| What the task asks |
Using the listing below, report how many lines contain the word "definition" and give no other words.

| Provided data |
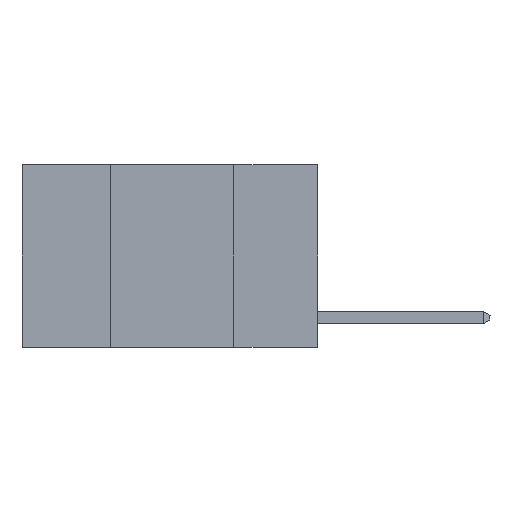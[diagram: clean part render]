
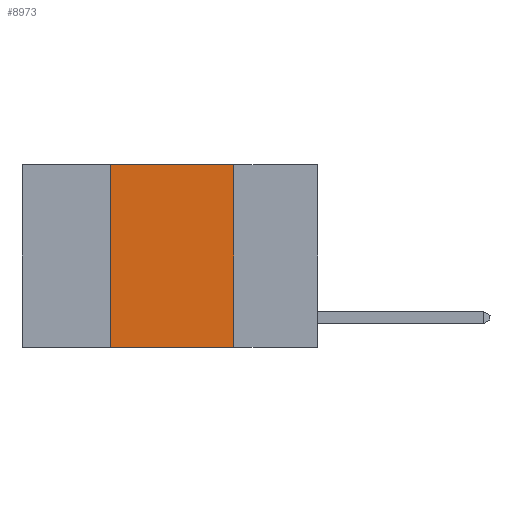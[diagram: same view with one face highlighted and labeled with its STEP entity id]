
A CAD part, left-side view. The second image highlights one B-rep face of the part: STEP entity #8973.
In plain terms, the highlighted planar face has unit normal (-1, 0, 0).
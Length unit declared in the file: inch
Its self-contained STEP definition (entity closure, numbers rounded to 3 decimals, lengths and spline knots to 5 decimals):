
#811 = LINE ( 'NONE', #4238, #3344 ) ;
#1463 = EDGE_CURVE ( 'NONE', #5804, #8521, #2203, .T. ) ;
#1950 = DIRECTION ( 'NONE',  ( 0., 0., -1. ) ) ;
#2203 = LINE ( 'NONE', #8182, #4913 ) ;
#2444 = VECTOR ( 'NONE', #4942, 39.37008 ) ;
#3344 = VECTOR ( 'NONE', #10411, 39.37008 ) ;
#3480 = VECTOR ( 'NONE', #8932, 39.37008 ) ;
#3607 = CARTESIAN_POINT ( 'NONE',  ( 0., 0.6, 0. ) ) ;
#3671 = AXIS2_PLACEMENT_3D ( 'NONE', #3794, #7384, #1950 ) ;
#3785 = ORIENTED_EDGE ( 'NONE', *, *, #1463, .F. ) ;
#3794 = CARTESIAN_POINT ( 'NONE',  ( 0., 0.6, 0. ) ) ;
#4238 = CARTESIAN_POINT ( 'NONE',  ( 0., 0.42, 0. ) ) ;
#4643 = CARTESIAN_POINT ( 'NONE',  ( 0., 0.42, 0. ) ) ;
#4870 = LINE ( 'NONE', #8477, #2444 ) ;
#4913 = VECTOR ( 'NONE', #6420, 39.37008 ) ;
#4942 = DIRECTION ( 'NONE',  ( 0., -1., 0. ) ) ;
#5567 = EDGE_CURVE ( 'NONE', #11021, #8521, #4870, .T. ) ;
#5588 = PLANE ( 'NONE',  #3671 ) ;
#5804 = VERTEX_POINT ( 'NONE', #7944 ) ;
#5861 = LINE ( 'NONE', #3607, #3480 ) ;
#5909 = FACE_OUTER_BOUND ( 'NONE', #8691, .T. ) ;
#6141 = EDGE_CURVE ( 'NONE', #11021, #9868, #811, .T. ) ;
#6161 = ORIENTED_EDGE ( 'NONE', *, *, #6362, .F. ) ;
#6362 = EDGE_CURVE ( 'NONE', #9868, #5804, #5861, .T. ) ;
#6420 = DIRECTION ( 'NONE',  ( 0., 0., -1. ) ) ;
#6531 = CARTESIAN_POINT ( 'NONE',  ( 0., 0.42, -0.37 ) ) ;
#6735 = CARTESIAN_POINT ( 'NONE',  ( 0., 0.17, -0.37 ) ) ;
#7384 = DIRECTION ( 'NONE',  ( 1., 0., 0. ) ) ;
#7944 = CARTESIAN_POINT ( 'NONE',  ( 0., 0.17, 0. ) ) ;
#8182 = CARTESIAN_POINT ( 'NONE',  ( 0., 0.17, 0. ) ) ;
#8477 = CARTESIAN_POINT ( 'NONE',  ( 0., 0.6, -0.37 ) ) ;
#8501 = ORIENTED_EDGE ( 'NONE', *, *, #6141, .F. ) ;
#8521 = VERTEX_POINT ( 'NONE', #6735 ) ;
#8691 = EDGE_LOOP ( 'NONE', ( #3785, #6161, #8501, #8780 ) ) ;
#8780 = ORIENTED_EDGE ( 'NONE', *, *, #5567, .T. ) ;
#8932 = DIRECTION ( 'NONE',  ( 0., -1., 0. ) ) ;
#8973 = ADVANCED_FACE ( 'NONE', ( #5909 ), #5588, .F. ) ;
#9868 = VERTEX_POINT ( 'NONE', #4643 ) ;
#10411 = DIRECTION ( 'NONE',  ( 0., 0., 1. ) ) ;
#11021 = VERTEX_POINT ( 'NONE', #6531 ) ;
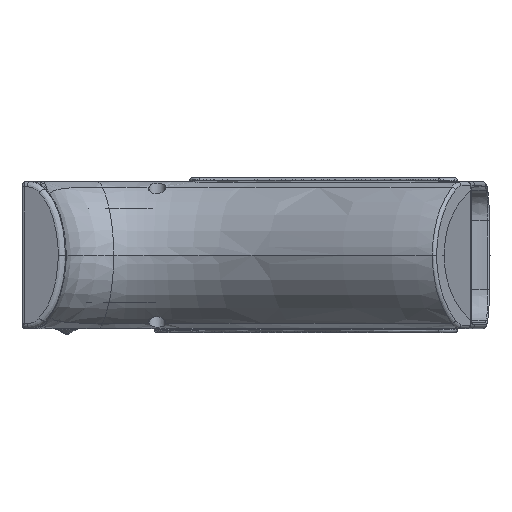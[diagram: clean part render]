
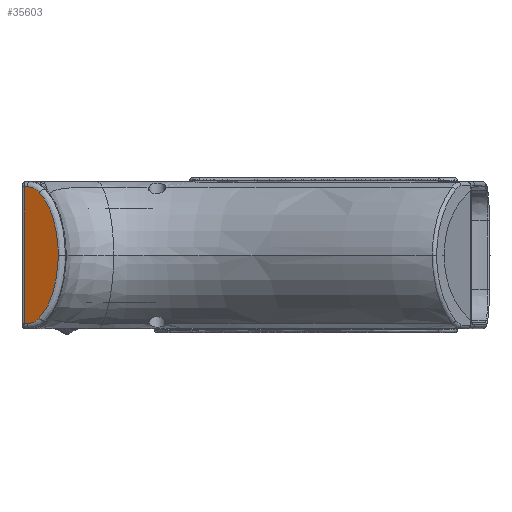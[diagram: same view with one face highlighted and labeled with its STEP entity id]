
A CAD part, left-side view. The second image highlights one B-rep face of the part: STEP entity #35603.
In plain terms, the highlighted planar face has unit normal (-0.906, 0.423, 0).
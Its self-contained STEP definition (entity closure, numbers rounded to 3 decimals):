
#2019=PLANE('',#37724);
#3836=FACE_OUTER_BOUND('',#5931,.T.);
#5931=EDGE_LOOP('',(#24339,#24340,#24341,#24342,#24343,#24344,#24345));
#8334=LINE('',#45406,#11125);
#8445=LINE('',#54969,#11236);
#8446=LINE('',#55000,#11237);
#11125=VECTOR('',#39023,1.);
#11236=VECTOR('',#39260,10.);
#11237=VECTOR('',#39261,1.);
#13998=B_SPLINE_CURVE_WITH_KNOTS('',3,(#54913,#54914,#54915,#54916,#54917,
#54918,#54919,#54920,#54921,#54922,#54923,#54924,#54925,#54926,#54927,#54928,
#54929,#54930,#54931,#54932,#54933,#54934,#54935,#54936,#54937),
 .UNSPECIFIED.,.F.,.F.,(4,2,2,2,2,2,2,2,2,1,2,2,4),(0.003,
0.144,0.288,0.431,0.573,0.714,
0.855,0.996,1.135,1.188,1.241,
1.293,1.332),.UNSPECIFIED.);
#13999=B_SPLINE_CURVE_WITH_KNOTS('',3,(#54963,#54964,#54965,#54966),
 .UNSPECIFIED.,.F.,.F.,(4,4),(-0.284,0.),.UNSPECIFIED.);
#14000=B_SPLINE_CURVE_WITH_KNOTS('',3,(#54971,#54972,#54973,#54974,#54975,
#54976,#54977,#54978,#54979,#54980,#54981,#54982,#54983,#54984,#54985,#54986,
#54987,#54988,#54989,#54990,#54991,#54992,#54993,#54994),.UNSPECIFIED.,
 .F.,.F.,(4,2,2,2,2,2,2,2,2,2,2,4),(0.197,0.236,0.287,
0.394,0.533,0.673,0.813,0.954,
1.096,1.239,1.383,1.523),
 .UNSPECIFIED.);
#14001=B_SPLINE_CURVE_WITH_KNOTS('',3,(#54996,#54997,#54998,#54999),
 .UNSPECIFIED.,.F.,.F.,(4,4),(-0.284,0.),.UNSPECIFIED.);
#14728=VERTEX_POINT('',#45401);
#14729=VERTEX_POINT('',#45404);
#14905=VERTEX_POINT('',#54460);
#14906=VERTEX_POINT('',#54912);
#14907=VERTEX_POINT('',#54968);
#14908=VERTEX_POINT('',#54970);
#14909=VERTEX_POINT('',#54995);
#18337=EDGE_CURVE('',#14729,#14728,#8334,.T.);
#18559=EDGE_CURVE('',#14905,#14906,#13998,.T.);
#18561=EDGE_CURVE('',#14906,#14729,#13999,.T.);
#18562=EDGE_CURVE('',#14728,#14907,#8445,.T.);
#18563=EDGE_CURVE('',#14908,#14905,#14000,.T.);
#18564=EDGE_CURVE('',#14909,#14908,#14001,.T.);
#18565=EDGE_CURVE('',#14907,#14909,#8446,.T.);
#24339=ORIENTED_EDGE('',*,*,#18562,.F.);
#24340=ORIENTED_EDGE('',*,*,#18337,.F.);
#24341=ORIENTED_EDGE('',*,*,#18561,.F.);
#24342=ORIENTED_EDGE('',*,*,#18559,.F.);
#24343=ORIENTED_EDGE('',*,*,#18563,.F.);
#24344=ORIENTED_EDGE('',*,*,#18564,.F.);
#24345=ORIENTED_EDGE('',*,*,#18565,.F.);
#35603=ADVANCED_FACE('',(#3836),#2019,.F.);
#37724=AXIS2_PLACEMENT_3D('',#54967,#39258,#39259);
#39023=DIRECTION('',(0.423,0.906,0.));
#39258=DIRECTION('center_axis',(0.906,-0.423,0.));
#39259=DIRECTION('ref_axis',(0.423,0.906,0.));
#39260=DIRECTION('',(0.,0.,1.));
#39261=DIRECTION('',(-0.423,-0.906,0.));
#45401=CARTESIAN_POINT('',(-0.852,-1.404,-13.4));
#45404=CARTESIAN_POINT('',(-1.16,-2.065,-13.4));
#45406=CARTESIAN_POINT('',(-5.081,-10.474,-13.4));
#54460=CARTESIAN_POINT('',(-3.998,-8.151,0.));
#54912=CARTESIAN_POINT('',(-2.228,-4.355,-12.302));
#54913=CARTESIAN_POINT('Ctrl Pts',(-3.998,-8.151,
0.));
#54914=CARTESIAN_POINT('Ctrl Pts',(-3.99,-8.134,
-0.469));
#54915=CARTESIAN_POINT('Ctrl Pts',(-3.979,-8.11,-0.938));
#54916=CARTESIAN_POINT('Ctrl Pts',(-3.948,-8.045,-1.883));
#54917=CARTESIAN_POINT('Ctrl Pts',(-3.929,-8.003,-2.36));
#54918=CARTESIAN_POINT('Ctrl Pts',(-3.88,-7.898,-3.311));
#54919=CARTESIAN_POINT('Ctrl Pts',(-3.851,-7.836,-3.785));
#54920=CARTESIAN_POINT('Ctrl Pts',(-3.782,-7.688,-4.724));
#54921=CARTESIAN_POINT('Ctrl Pts',(-3.742,-7.603,-5.191));
#54922=CARTESIAN_POINT('Ctrl Pts',(-3.649,-7.404,-6.114));
#54923=CARTESIAN_POINT('Ctrl Pts',(-3.597,-7.291,-6.57));
#54924=CARTESIAN_POINT('Ctrl Pts',(-3.476,-7.032,-7.47));
#54925=CARTESIAN_POINT('Ctrl Pts',(-3.409,-6.887,-7.913));
#54926=CARTESIAN_POINT('Ctrl Pts',(-3.256,-6.56,-8.782));
#54927=CARTESIAN_POINT('Ctrl Pts',(-3.171,-6.378,-9.207));
#54928=CARTESIAN_POINT('Ctrl Pts',(-2.982,-5.973,-10.028));
#54929=CARTESIAN_POINT('Ctrl Pts',(-2.878,-5.75,-10.423));
#54930=CARTESIAN_POINT('Ctrl Pts',(-2.72,-5.412,-10.944));
#54931=CARTESIAN_POINT('Ctrl Pts',(-2.63,-5.218,-11.226));
#54932=CARTESIAN_POINT('Ctrl Pts',(-2.533,-5.01,-11.496));
#54933=CARTESIAN_POINT('Ctrl Pts',(-2.435,-4.799,-11.756));
#54934=CARTESIAN_POINT('Ctrl Pts',(-2.387,-4.696,-11.883));
#54935=CARTESIAN_POINT('Ctrl Pts',(-2.301,-4.513,-12.108));
#54936=CARTESIAN_POINT('Ctrl Pts',(-2.264,-4.434,-12.205));
#54937=CARTESIAN_POINT('Ctrl Pts',(-2.228,-4.355,-12.302));
#54963=CARTESIAN_POINT('Ctrl Pts',(-2.228,-4.355,-12.302));
#54964=CARTESIAN_POINT('Ctrl Pts',(-1.961,-3.783,-13.006));
#54965=CARTESIAN_POINT('Ctrl Pts',(-1.559,-2.922,-13.4));
#54966=CARTESIAN_POINT('Ctrl Pts',(-1.16,-2.065,-13.4));
#54967=CARTESIAN_POINT('Origin',(-10.,-21.023,-17.642));
#54968=CARTESIAN_POINT('',(-0.852,-1.404,13.4));
#54969=CARTESIAN_POINT('',(-0.852,-1.404,0.036));
#54970=CARTESIAN_POINT('',(-2.228,-4.355,12.302));
#54971=CARTESIAN_POINT('Ctrl Pts',(-2.228,-4.355,12.302));
#54972=CARTESIAN_POINT('Ctrl Pts',(-2.264,-4.434,12.205));
#54973=CARTESIAN_POINT('Ctrl Pts',(-2.301,-4.513,12.108));
#54974=CARTESIAN_POINT('Ctrl Pts',(-2.387,-4.696,11.883));
#54975=CARTESIAN_POINT('Ctrl Pts',(-2.435,-4.799,11.756));
#54976=CARTESIAN_POINT('Ctrl Pts',(-2.583,-5.117,11.365));
#54977=CARTESIAN_POINT('Ctrl Pts',(-2.677,-5.318,11.088));
#54978=CARTESIAN_POINT('Ctrl Pts',(-2.878,-5.75,10.423));
#54979=CARTESIAN_POINT('Ctrl Pts',(-2.982,-5.973,10.028));
#54980=CARTESIAN_POINT('Ctrl Pts',(-3.171,-6.377,9.208));
#54981=CARTESIAN_POINT('Ctrl Pts',(-3.256,-6.559,8.783));
#54982=CARTESIAN_POINT('Ctrl Pts',(-3.408,-6.887,7.914));
#54983=CARTESIAN_POINT('Ctrl Pts',(-3.476,-7.033,7.47));
#54984=CARTESIAN_POINT('Ctrl Pts',(-3.597,-7.292,6.568));
#54985=CARTESIAN_POINT('Ctrl Pts',(-3.65,-7.405,6.111));
#54986=CARTESIAN_POINT('Ctrl Pts',(-3.742,-7.603,5.191));
#54987=CARTESIAN_POINT('Ctrl Pts',(-3.782,-7.688,4.724));
#54988=CARTESIAN_POINT('Ctrl Pts',(-3.851,-7.836,3.785));
#54989=CARTESIAN_POINT('Ctrl Pts',(-3.88,-7.898,3.312));
#54990=CARTESIAN_POINT('Ctrl Pts',(-3.929,-8.003,2.361));
#54991=CARTESIAN_POINT('Ctrl Pts',(-3.948,-8.045,1.884));
#54992=CARTESIAN_POINT('Ctrl Pts',(-3.979,-8.11,0.937));
#54993=CARTESIAN_POINT('Ctrl Pts',(-3.99,-8.134,0.468));
#54994=CARTESIAN_POINT('Ctrl Pts',(-3.998,-8.151,0.));
#54995=CARTESIAN_POINT('',(-1.16,-2.065,13.4));
#54996=CARTESIAN_POINT('Ctrl Pts',(-1.16,-2.065,13.4));
#54997=CARTESIAN_POINT('Ctrl Pts',(-1.559,-2.922,13.4));
#54998=CARTESIAN_POINT('Ctrl Pts',(-1.961,-3.783,13.006));
#54999=CARTESIAN_POINT('Ctrl Pts',(-2.228,-4.355,12.302));
#55000=CARTESIAN_POINT('',(-5.758,-11.925,13.4));

| Answer for the task |
2